Problem details:
What is wanted is every line below from the one with "1.41*Vg2rms) / (Il2pp*fsw2))" up to and including the one with "note: IEEE 30 Node Test Feeder", retyped exactly, pictures excluded, nothing else.

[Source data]

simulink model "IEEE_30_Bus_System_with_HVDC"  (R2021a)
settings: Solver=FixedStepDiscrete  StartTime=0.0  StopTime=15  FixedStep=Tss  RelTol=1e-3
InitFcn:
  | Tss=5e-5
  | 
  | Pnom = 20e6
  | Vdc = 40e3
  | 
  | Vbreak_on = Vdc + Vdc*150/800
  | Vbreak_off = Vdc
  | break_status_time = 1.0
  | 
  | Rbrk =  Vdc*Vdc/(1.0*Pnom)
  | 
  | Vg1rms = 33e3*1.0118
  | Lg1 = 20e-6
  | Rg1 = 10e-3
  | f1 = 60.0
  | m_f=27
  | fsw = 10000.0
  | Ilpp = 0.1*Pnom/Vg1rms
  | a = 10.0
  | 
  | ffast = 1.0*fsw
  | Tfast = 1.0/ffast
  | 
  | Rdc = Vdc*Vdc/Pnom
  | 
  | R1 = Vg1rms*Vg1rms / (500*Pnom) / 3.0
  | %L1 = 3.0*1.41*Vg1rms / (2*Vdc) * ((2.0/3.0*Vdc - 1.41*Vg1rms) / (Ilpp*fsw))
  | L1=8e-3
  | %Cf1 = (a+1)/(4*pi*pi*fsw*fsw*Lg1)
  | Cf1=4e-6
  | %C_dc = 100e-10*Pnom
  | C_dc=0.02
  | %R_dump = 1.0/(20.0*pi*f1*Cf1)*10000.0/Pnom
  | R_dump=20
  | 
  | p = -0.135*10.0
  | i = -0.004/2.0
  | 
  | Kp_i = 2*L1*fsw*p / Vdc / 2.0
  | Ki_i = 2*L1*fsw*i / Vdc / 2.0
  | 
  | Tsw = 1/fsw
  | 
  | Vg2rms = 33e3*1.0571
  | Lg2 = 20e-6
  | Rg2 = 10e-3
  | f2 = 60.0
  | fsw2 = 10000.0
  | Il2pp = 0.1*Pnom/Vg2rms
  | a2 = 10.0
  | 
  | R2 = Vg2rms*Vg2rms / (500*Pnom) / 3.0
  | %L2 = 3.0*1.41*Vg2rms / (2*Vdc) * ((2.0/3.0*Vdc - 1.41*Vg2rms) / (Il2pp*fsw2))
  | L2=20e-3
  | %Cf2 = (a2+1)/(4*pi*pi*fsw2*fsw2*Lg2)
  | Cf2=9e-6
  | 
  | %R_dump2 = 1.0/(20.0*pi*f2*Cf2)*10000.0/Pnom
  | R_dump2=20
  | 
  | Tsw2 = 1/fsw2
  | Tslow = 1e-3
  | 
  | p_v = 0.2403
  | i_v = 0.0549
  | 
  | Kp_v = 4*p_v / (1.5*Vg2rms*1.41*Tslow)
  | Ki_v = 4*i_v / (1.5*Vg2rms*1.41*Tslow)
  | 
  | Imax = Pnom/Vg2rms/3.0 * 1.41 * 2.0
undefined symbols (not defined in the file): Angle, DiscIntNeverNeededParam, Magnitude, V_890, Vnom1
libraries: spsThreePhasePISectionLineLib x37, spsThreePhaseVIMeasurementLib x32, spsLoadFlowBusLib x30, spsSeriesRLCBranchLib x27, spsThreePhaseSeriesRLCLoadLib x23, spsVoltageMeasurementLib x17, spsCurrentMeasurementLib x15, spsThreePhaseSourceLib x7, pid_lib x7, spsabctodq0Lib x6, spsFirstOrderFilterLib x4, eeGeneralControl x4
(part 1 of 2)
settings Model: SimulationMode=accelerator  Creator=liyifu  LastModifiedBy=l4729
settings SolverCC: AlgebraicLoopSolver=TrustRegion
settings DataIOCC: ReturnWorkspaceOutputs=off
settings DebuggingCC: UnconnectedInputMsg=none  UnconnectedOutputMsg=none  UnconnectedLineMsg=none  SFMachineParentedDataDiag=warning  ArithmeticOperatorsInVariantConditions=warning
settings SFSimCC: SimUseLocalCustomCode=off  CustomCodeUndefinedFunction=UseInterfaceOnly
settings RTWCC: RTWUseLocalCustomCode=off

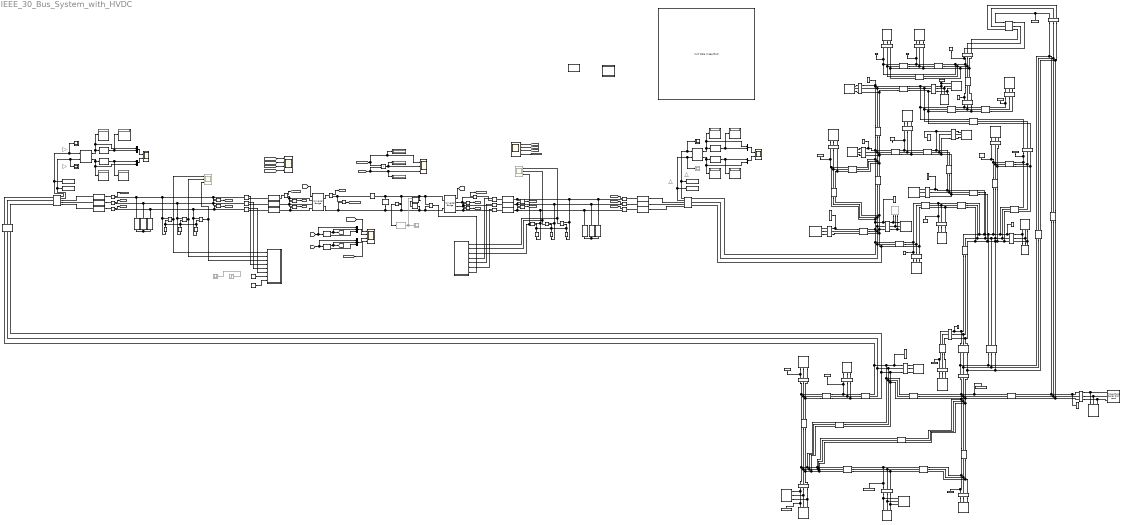
== system IEEE_30_Bus_System_with_HVDC ==
  note: IEEE 30 Node Test Feeder
  14 : spsThreePhaseVIMeasurementLib/Three-Phase V-I Measurement  VoltageMeasurement=phase-to-ground  SetLabelV=on  LabelV=Vabc_14  Vpu=on  VpuLL=off  CurrentMeasurement=yes  SetLabelI=on  LabelI=Iabc_14  Ipu=on  Pbase=100e6  Vbase=33e3  OutputType=Magnitude-Angle  PhasorSimulation=off  PSBequivalent=0
  15 : spsThreePhaseVIMeasurementLib/Three-Phase V-I Measurement  VoltageMeasurement=phase-to-ground  SetLabelV=on  LabelV=Vabc_15  Vpu=on  VpuLL=off  CurrentMeasurement=yes  SetLabelI=on  LabelI=Iabc_15  Ipu=on  Pbase=100e6  Vbase=33e3  OutputType=Magnitude-Angle  PhasorSimulation=off  PSBequivalent=0
  16 : spsThreePhaseVIMeasurementLib/Three-Phase V-I Measurement  VoltageMeasurement=phase-to-ground  SetLabelV=on  LabelV=Vabc_16  Vpu=on  VpuLL=off  CurrentMeasurement=yes  SetLabelI=on  LabelI=Iabc_16  Ipu=on  Pbase=100e6  Vbase=33e3  OutputType=Magnitude-Angle  PhasorSimulation=off  PSBequivalent=0
  17 : spsThreePhaseVIMeasurementLib/Three-Phase V-I Measurement  VoltageMeasurement=phase-to-ground  SetLabelV=on  LabelV=Vabc_17  Vpu=on  VpuLL=off  CurrentMeasurement=yes  SetLabelI=on  LabelI=Iabc_17  Ipu=on  Pbase=100e6  Vbase=33e3  OutputType=Magnitude-Angle  PhasorSimulation=off  PSBequivalent=0
  18 : spsThreePhaseVIMeasurementLib/Three-Phase V-I Measurement  VoltageMeasurement=phase-to-ground  SetLabelV=on  LabelV=Vabc_18  Vpu=on  VpuLL=off  CurrentMeasurement=yes  SetLabelI=on  LabelI=Iabc_18  Ipu=on  Pbase=100e6  Vbase=33e3  OutputType=Magnitude-Angle  PhasorSimulation=off  PSBequivalent=0
  19 : spsThreePhaseVIMeasurementLib/Three-Phase V-I Measurement  VoltageMeasurement=phase-to-ground  SetLabelV=on  LabelV=Vabc_19  Vpu=on  VpuLL=off  CurrentMeasurement=yes  SetLabelI=on  LabelI=Iabc_19  Ipu=on  Pbase=100e6  Vbase=33e3  OutputType=Magnitude-Angle  PhasorSimulation=off  PSBequivalent=0
  20 : spsThreePhaseVIMeasurementLib/Three-Phase V-I Measurement  VoltageMeasurement=phase-to-ground  SetLabelV=on  LabelV=Vabc_20  Vpu=on  VpuLL=off  CurrentMeasurement=yes  SetLabelI=on  LabelI=Iabc_20  Ipu=on  Pbase=100e6  Vbase=33e3  OutputType=Magnitude-Angle  PhasorSimulation=off  PSBequivalent=0
  21 : spsThreePhaseVIMeasurementLib/Three-Phase V-I Measurement  VoltageMeasurement=phase-to-ground  SetLabelV=on  LabelV=Vabc_21  Vpu=on  VpuLL=off  CurrentMeasurement=yes  SetLabelI=on  LabelI=Iabc_21  Ipu=on  Pbase=100e6  Vbase=33e3  OutputType=Magnitude-Angle  PhasorSimulation=off  PSBequivalent=0
  22 : spsThreePhaseVIMeasurementLib/Three-Phase V-I Measurement  VoltageMeasurement=phase-to-ground  SetLabelV=on  LabelV=Vabc_22  Vpu=on  VpuLL=off  CurrentMeasurement=yes  SetLabelI=on  LabelI=Iabc_22  Ipu=on  Pbase=100e6  Vbase=33e3  OutputType=Magnitude-Angle  PhasorSimulation=off  PSBequivalent=0
  23 : spsThreePhaseVIMeasurementLib/Three-Phase V-I Measurement  VoltageMeasurement=phase-to-ground  SetLabelV=on  LabelV=Vabc_23  Vpu=on  VpuLL=off  CurrentMeasurement=yes  SetLabelI=on  LabelI=Iabc_23  Ipu=on  Pbase=100e6  Vbase=33e3  OutputType=Magnitude-Angle  PhasorSimulation=off  PSBequivalent=0
  24 : spsThreePhaseVIMeasurementLib/Three-Phase V-I Measurement  VoltageMeasurement=phase-to-ground  SetLabelV=on  LabelV=Vabc_24  Vpu=on  VpuLL=off  CurrentMeasurement=yes  SetLabelI=on  LabelI=Iabc_24  Ipu=on  Pbase=100e6  Vbase=33e3  OutputType=Magnitude-Angle  PhasorSimulation=off  PSBequivalent=0
  25 : spsThreePhaseVIMeasurementLib/Three-Phase V-I Measurement  VoltageMeasurement=phase-to-ground  SetLabelV=on  LabelV=Vabc_25  Vpu=on  VpuLL=off  CurrentMeasurement=yes  SetLabelI=on  LabelI=Iabc_25  Ipu=on  Pbase=100e6  Vbase=33e3  OutputType=Magnitude-Angle  PhasorSimulation=off  PSBequivalent=0
  26 : spsThreePhaseVIMeasurementLib/Three-Phase V-I Measurement  VoltageMeasurement=phase-to-ground  SetLabelV=on  LabelV=Vabc_26  Vpu=on  VpuLL=off  CurrentMeasurement=yes  SetLabelI=on  LabelI=Iabc_26  Ipu=on  Pbase=100e6  Vbase=33e3  OutputType=Magnitude-Angle  PhasorSimulation=off  PSBequivalent=0
  29 : spsThreePhaseVIMeasurementLib/Three-Phase V-I Measurement  VoltageMeasurement=phase-to-ground  SetLabelV=on  LabelV=Vabc_29  Vpu=on  VpuLL=off  CurrentMeasurement=yes  SetLabelI=on  LabelI=Iabc_29  Ipu=on  Pbase=100e6  Vbase=33e3  OutputType=Magnitude-Angle  PhasorSimulation=off  PSBequivalent=0
  30 : spsThreePhaseVIMeasurementLib/Three-Phase V-I Measurement  VoltageMeasurement=phase-to-ground  SetLabelV=on  LabelV=Vabc_30  Vpu=on  VpuLL=off  CurrentMeasurement=yes  SetLabelI=on  LabelI=Iabc_30  Ipu=on  Pbase=100e6  Vbase=33e3  OutputType=Magnitude-Angle  PhasorSimulation=off  PSBequivalent=0
  Blaine : spsThreePhaseVIMeasurementLib/Three-Phase V-I Measurement  VoltageMeasurement=phase-to-ground  SetLabelV=on  LabelV=Vabc_7  Vpu=on  VpuLL=off  CurrentMeasurement=yes  SetLabelI=on  LabelI=Iabc_7  Ipu=on  Pbase=100e6  Vbase=132e3  OutputType=Magnitude-Angle  PhasorSimulation=off  PSBequivalent=0
  Break control1 : Subsystem  Commented=on
  Breaker1 : spsBreakerLib/Breaker  InitialState=0  SwitchingTimes="[1/60  5/60]"  External=on  BreakerResistance=0.01  SnubberResistance=1e6  SnubberCapacitance=inf  Measurements=None  MoreParameters=on  NoBreakLoop=off
      settings: SourceProductBaseCode=PS
  Claytor : spsThreePhaseVIMeasurementLib/Three-Phase V-I Measurement  VoltageMeasurement=phase-to-ground  SetLabelV=on  LabelV=Vabc_2  Vpu=on  VpuLL=off  CurrentMeasurement=yes  SetLabelI=on  LabelI=Iabc_2  Ipu=on  Pbase=100e6  Vbase=132e3  OutputType=Magnitude-Angle  PhasorSimulation=off  PSBequivalent=0
  Cloverdl : spsThreePhaseVIMeasurementLib/Three-Phase V-I Measurement  VoltageMeasurement=phase-to-ground  SetLabelV=on  LabelV=Vabc_27  Vpu=on  VpuLL=off  CurrentMeasurement=yes  SetLabelI=on  LabelI=Iabc_27  Ipu=on  Pbase=100e6  Vbase=33e3  OutputType=Magnitude-Angle  PhasorSimulation=off  PSBequivalent=0
  Cloverdl1 : spsThreePhaseVIMeasurementLib/Three-Phase V-I Measurement  VoltageMeasurement=phase-to-ground  SetLabelV=on  LabelV=Vabc_28  Vpu=on  VpuLL=off  CurrentMeasurement=yes  SetLabelI=on  LabelI=Iabc_28  Ipu=on  Pbase=100e6  Vbase=132e3  OutputType=Magnitude-Angle  PhasorSimulation=off  PSBequivalent=0
  Constant3 : Constant  Value=5e6
  Constant4 : Constant  Value=1e6
  Current Measurement{1..15} (15 alike) : spsCurrentMeasurementLib/Current Measurement  PhasorSimulation=off  OutputType=Complex  PSBequivalent=0
  Display{1..2,6..8,13..18} (11 alike) : Display
  Equivalent Gen : spsThreePhaseSourceLib/Three-Phase Source  Commented=on  InternalConnection=Yg  VoltagePhases=off  Voltage=(33000)*1.04012  PhaseAngle=92.4376  Voltage_phases=[33 33 33]*1e3/sqrt(3)  PhaseAngles_phases=[0 -120 +120]  Frequency=60  NonIdealSource=on  SpecifyImpedance=off  Resistance=10  Inductance=0.15  ShortCircuitLevel=Apparent_power_gen1  BaseVoltage=33e3  XRratio=8  BusType=PQ  Pref=1000000  Qref=0  Prefabc=[10e3, 10e3, 10e3]  Qrefabc=[0, 0, 0]  Qmin=-Inf  Qmax=Inf
  Fieldale : spsThreePhaseVIMeasurementLib/Three-Phase V-I Measurement  VoltageMeasurement=phase-to-ground  SetLabelV=on  LabelV=Vabc_5  Vpu=on  VpuLL=off  CurrentMeasurement=yes  SetLabelI=on  LabelI=Iabc_5  Ipu=on  Pbase=100e6  Vbase=132e3  OutputType=Magnitude-Angle  PhasorSimulation=off  PSBequivalent=0
  Gain4 : Gain  Commented=on  Gain=33e3*sqrt(2)/sqrt(3)
  Gain5 : Gain  Commented=on  Gain=100e6/33e3*sqrt(2)/sqrt(3)
  Gain6 : Gain  Commented=on  Gain=33e3*sqrt(2)/sqrt(3)
  Gain7 : Gain  Commented=on  Gain=100e6/33e3*sqrt(2)/sqrt(3)
  Gen1 : spsThreePhaseSourceLib/Three-Phase Source  InternalConnection=Yg  VoltagePhases=off  Voltage=(132000)*1.37988  PhaseAngle=133.6021  Voltage_phases=[132 132 132]*1e3/sqrt(3)  PhaseAngles_phases=[0 -120 +120]  Frequency=60  NonIdealSource=on  SpecifyImpedance=off  Resistance=10  Inductance=0.15  ShortCircuitLevel=Apparent_power_gen1  BaseVoltage=132e3  XRratio=8  BusType=swing  Pref=2.6095  Qref=-0.1679  Prefabc=[10e3, 10e3, 10e3]  Qrefabc=[0, 0, 0]  Qmin=-Inf  Qmax=Inf
  Gen2 : spsThreePhaseSourceLib/Three-Phase Source  InternalConnection=Yg  VoltagePhases=off  Voltage=(132000)*1.17992  PhaseAngle=98.3264  Voltage_phases=[132 132 132]*1e3/sqrt(3)  PhaseAngles_phases=[0 -120 +120]  Frequency=60  NonIdealSource=on  SpecifyImpedance=off  Resistance=10  Inductance=0.15  ShortCircuitLevel=Apparent_power_gen1  BaseVoltage=132e3  XRratio=8  BusType=PV  Pref=40000000  Qref=0.5  Prefabc=[10e3, 10e3, 10e3]  Qrefabc=[0, 0, 0]  Qmin=-Inf  Qmax=Inf
  Gen3 : spsThreePhaseSourceLib/Three-Phase Source  InternalConnection=Yg  VoltagePhases=off  Voltage=(132000)*1.11434  PhaseAngle=83.6097  Voltage_phases=[132 132 132]*1e3/sqrt(3)  PhaseAngles_phases=[0 -120 +120]  Frequency=60  NonIdealSource=on  SpecifyImpedance=off  Resistance=10  Inductance=0.15  ShortCircuitLevel=Apparent_power_gen1  BaseVoltage=132e3  XRratio=8  BusType=PV  Pref=0  Qref=0.3685  Prefabc=[10e3, 10e3, 10e3]  Qrefabc=[0, 0, 0]  Qmin=-Inf  Qmax=Inf
  Gen4 : spsThreePhaseSourceLib/Three-Phase Source  InternalConnection=Yg  VoltagePhases=off  Voltage=(132000)*1.0549  PhaseAngle=86.5606  Voltage_phases=[132 132 132]*1e3/sqrt(3)  PhaseAngles_phases=[0 -120 +120]  Frequency=60  NonIdealSource=on  SpecifyImpedance=off  Resistance=10  Inductance=0.15  ShortCircuitLevel=Apparent_power_gen1  BaseVoltage=132e3  XRratio=8  BusType=PV  Pref=0  Qref=0.3714  Prefabc=[10e3, 10e3, 10e3]  Qrefabc=[0, 0, 0]  Qmin=-Inf  Qmax=Inf
  Gen5 : spsThreePhaseSourceLib/Three-Phase Source  InternalConnection=Yg  VoltagePhases=off  Voltage=(33000)*2.66924  PhaseAngle=81.613  Voltage_phases=[33 33 33]*1e3/sqrt(3)  PhaseAngles_phases=[0 -120 +120]  Frequency=60  NonIdealSource=on  SpecifyImpedance=off  Resistance=10  Inductance=0.15  ShortCircuitLevel=Apparent_power_gen1  BaseVoltage=33e3  XRratio=8  BusType=PV  Pref=0  Qref=0.1617  Prefabc=[10e3, 10e3, 10e3]  Qrefabc=[0, 0, 0]  Qmin=-Inf  Qmax=Inf
  Gen6 : spsThreePhaseSourceLib/Three-Phase Source  InternalConnection=Yg  VoltagePhases=off  Voltage=(33000)*2.72717  PhaseAngle=83.0417  Voltage_phases=[33 33 33]*1e3/sqrt(3)  PhaseAngles_phases=[0 -120 +120]  Frequency=60  NonIdealSource=on  SpecifyImpedance=off  Resistance=10  Inductance=0.15  ShortCircuitLevel=Apparent_power_gen1  BaseVoltage=33e3  XRratio=8  BusType=PV  Pref=0  Qref=0.1062  Prefabc=[10e3, 10e3, 10e3]  Qrefabc=[0, 0, 0]  Qmin=-Inf  Qmax=Inf
  Glen Lyn : spsThreePhaseVIMeasurementLib/Three-Phase V-I Measurement  VoltageMeasurement=phase-to-ground  SetLabelV=on  LabelV=Vabc_1  Vpu=on  VpuLL=off  CurrentMeasurement=yes  SetLabelI=on  LabelI=Iabc_1  Ipu=on  Pbase=100e6  Vbase=132e3  OutputType=Magnitude-Angle  PhasorSimulation=off  PSBequivalent=0
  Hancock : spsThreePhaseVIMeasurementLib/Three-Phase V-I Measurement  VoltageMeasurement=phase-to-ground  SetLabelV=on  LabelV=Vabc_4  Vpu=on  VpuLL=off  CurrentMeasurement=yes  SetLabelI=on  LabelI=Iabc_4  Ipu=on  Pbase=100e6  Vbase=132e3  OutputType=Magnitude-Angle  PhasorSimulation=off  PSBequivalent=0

The answer:
  | %L2 = 3.0*1.41*Vg2rms / (2*Vdc) * ((2.0/3.0*Vdc - 1.41*Vg2rms) / (Il2pp*fsw2))
  | L2=20e-3
  | %Cf2 = (a2+1)/(4*pi*pi*fsw2*fsw2*Lg2)
  | Cf2=9e-6
  | 
  | %R_dump2 = 1.0/(20.0*pi*f2*Cf2)*10000.0/Pnom
  | R_dump2=20
  | 
  | Tsw2 = 1/fsw2
  | Tslow = 1e-3
  | 
  | p_v = 0.2403
  | i_v = 0.0549
  | 
  | Kp_v = 4*p_v / (1.5*Vg2rms*1.41*Tslow)
  | Ki_v = 4*i_v / (1.5*Vg2rms*1.41*Tslow)
  | 
  | Imax = Pnom/Vg2rms/3.0 * 1.41 * 2.0
undefined symbols (not defined in the file): Angle, DiscIntNeverNeededParam, Magnitude, V_890, Vnom1
libraries: spsThreePhasePISectionLineLib x37, spsThreePhaseVIMeasurementLib x32, spsLoadFlowBusLib x30, spsSeriesRLCBranchLib x27, spsThreePhaseSeriesRLCLoadLib x23, spsVoltageMeasurementLib x17, spsCurrentMeasurementLib x15, spsThreePhaseSourceLib x7, pid_lib x7, spsabctodq0Lib x6, spsFirstOrderFilterLib x4, eeGeneralControl x4
(part 1 of 2)
settings Model: SimulationMode=accelerator  Creator=liyifu  LastModifiedBy=l4729
settings SolverCC: AlgebraicLoopSolver=TrustRegion
settings DataIOCC: ReturnWorkspaceOutputs=off
settings DebuggingCC: UnconnectedInputMsg=none  UnconnectedOutputMsg=none  UnconnectedLineMsg=none  SFMachineParentedDataDiag=warning  ArithmeticOperatorsInVariantConditions=warning
settings SFSimCC: SimUseLocalCustomCode=off  CustomCodeUndefinedFunction=UseInterfaceOnly
settings RTWCC: RTWUseLocalCustomCode=off

== system IEEE_30_Bus_System_with_HVDC ==
  note: IEEE 30 Node Test Feeder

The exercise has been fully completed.